But I cannot leave you to such a future without infinite pain, and
there must--there shall be--means through which you will let me hear
of you--through which, at least, I can know that you are living."

She stretched her hands toward him with that same gesture with which
she had first declared her faith in his guiltlessness; the tears
trembled in her voice and swam in her eyes. As she had said, she
suffered for him exceedingly. He, hearing those words which breathed
the only pity that had ever humiliated him, and the loyal trust which
was but the truer because the sincerity of faith in lieu of the
insanity of love dictated it, made a blind, staggering, unconscious
movement of passionate, dumb agony. He seized her hands in his and
held them close against his breast one instant, against the loud, hard
panting of his aching heart.

"God reward you! God keep you! If I stay, I shall tell you all. Let me
go, and forget that we ever met! I am dead--let me be dead to you!"

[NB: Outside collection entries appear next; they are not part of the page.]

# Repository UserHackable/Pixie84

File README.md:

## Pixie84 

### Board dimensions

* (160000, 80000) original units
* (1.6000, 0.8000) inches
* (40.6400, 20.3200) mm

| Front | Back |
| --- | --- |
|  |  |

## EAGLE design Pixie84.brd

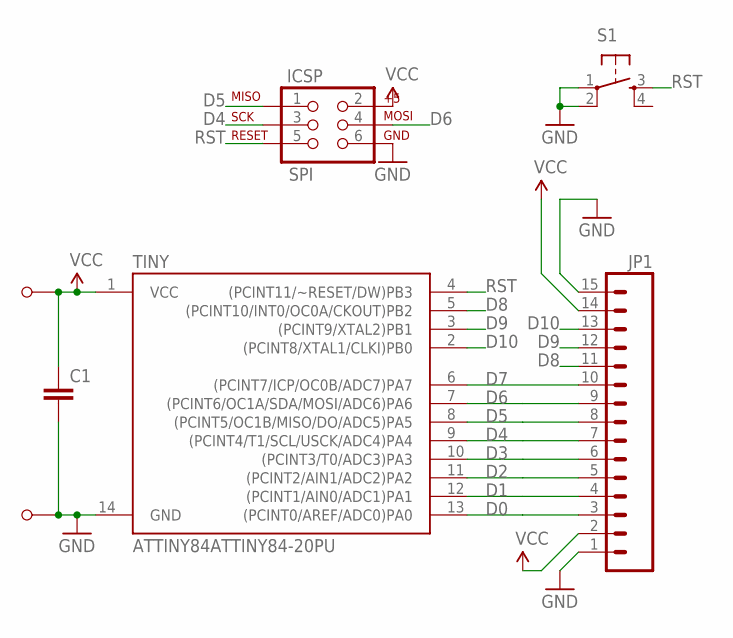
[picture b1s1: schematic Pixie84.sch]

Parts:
C1: CAPPTH; CAP-PTH-SMALL
ICSP: SPI; 2X3-NS
JP1: M15; 1X15
S1: TAC_SWITCHPTH; TACTILE-PTH
TINY: ATTINY84ATTINY84-20PU; DIL14
U$1, U$2: M1; M1_NO_STRAIN

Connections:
D0: JP1.3, TINY.13 ((PCINT0/AREF/ADC0)PA0)
D1: JP1.4, TINY.12 ((PCINT1/AIN0/ADC1)PA1)
D2: JP1.5, TINY.11 ((PCINT2/AIN1/ADC2)PA2)
D3: JP1.6, TINY.10 ((PCINT3/T0/ADC3)PA3)
D4: ICSP.3 (SCK), JP1.7, TINY.9 ((PCINT4/T1/SCL/USCK/ADC4)PA4)
D5: ICSP.1 (MISO), JP1.8, TINY.8 ((PCINT5/OC1B/MISO/DO/ADC5)PA5)
D6: ICSP.4 (MOSI), JP1.9, TINY.7 ((PCINT6/OC1A/SDA/MOSI/ADC6)PA6)
D7: JP1.10, TINY.6 ((PCINT7/ICP/OC0B/ADC7)PA7)
D8: JP1.11, TINY.5 ((PCINT10/INT0/OC0A/CKOUT)PB2)
D9: JP1.12, TINY.3 ((PCINT9/XTAL2)PB1)
D10: JP1.13, TINY.2 ((PCINT8/XTAL1/CLKI)PB0)
GND: C1.2, ICSP.6 (GND), JP1.1, JP1.15, S1.1, S1.2, TINY.14 (GND), U$2.P$1
RST: ICSP.5 (RST), S1.3, TINY.4 ((PCINT11/~RESET/DW)PB3)
VCC: C1.1, ICSP.2 (V+), JP1.2, JP1.14, TINY.1 (VCC), U$1.P$1

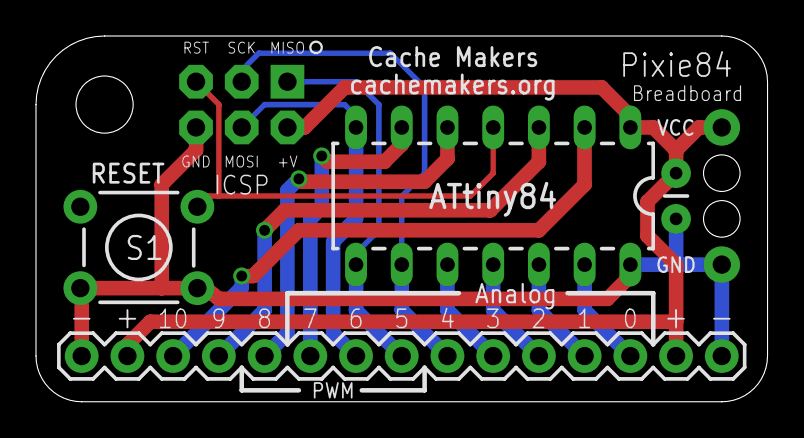
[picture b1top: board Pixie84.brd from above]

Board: 2 copper layers, 40.6 x 20.3 mm, 7 parts (0 on the bottom side), 14 nets.

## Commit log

2016-04-06 updating makefile
2016-04-06 cleaning out gerbers
2016-04-06 updating
2016-04-07 from Makefile

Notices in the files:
parts and their libraries:
SparkFun-DigitalIC: Licensing: Creative Commons ShareAlike 4.0 International - https://creativecommons.org/licenses/by-sa/4.0

With another instant he had left the tent and passed out into the red
glow of the torchlit evening. And Venetia Corona dropped her proud
head down upon the silken cushions where his own had rested, and wept
as women weep over their dead--in such a passion as had never come to
her in all the course of her radiant, victorious, and imperious life.

It seemed to her as if she had seen him slain in cold blood, and had
never lifted her hand or her voice against his murder.

His voice rang in her ear; his face was before her with its white,
still, rigid anguish; the burning accents of his avowal of love seemed
to search her very heart. If this man perished in any of the thousand
perils of war she would forever feel herself his assassin. She had his
secret, she had his soul, she had his honor in her hands; and she
could do nothing better for them both than to send him from her to
eternal silence, to eternal solitude!

Her thoughts grew unbearable; she rose impetuously from her couch and
paced to and fro in the narrow confines of her tent. Her tranquillity
was broken down; her pride was abandoned; her heart, at length, was
reached and sorely wounded. The only man she had ever found, whom it
would have been possible to her to have loved, was one already severed
from her by a fate almost more hideous than death.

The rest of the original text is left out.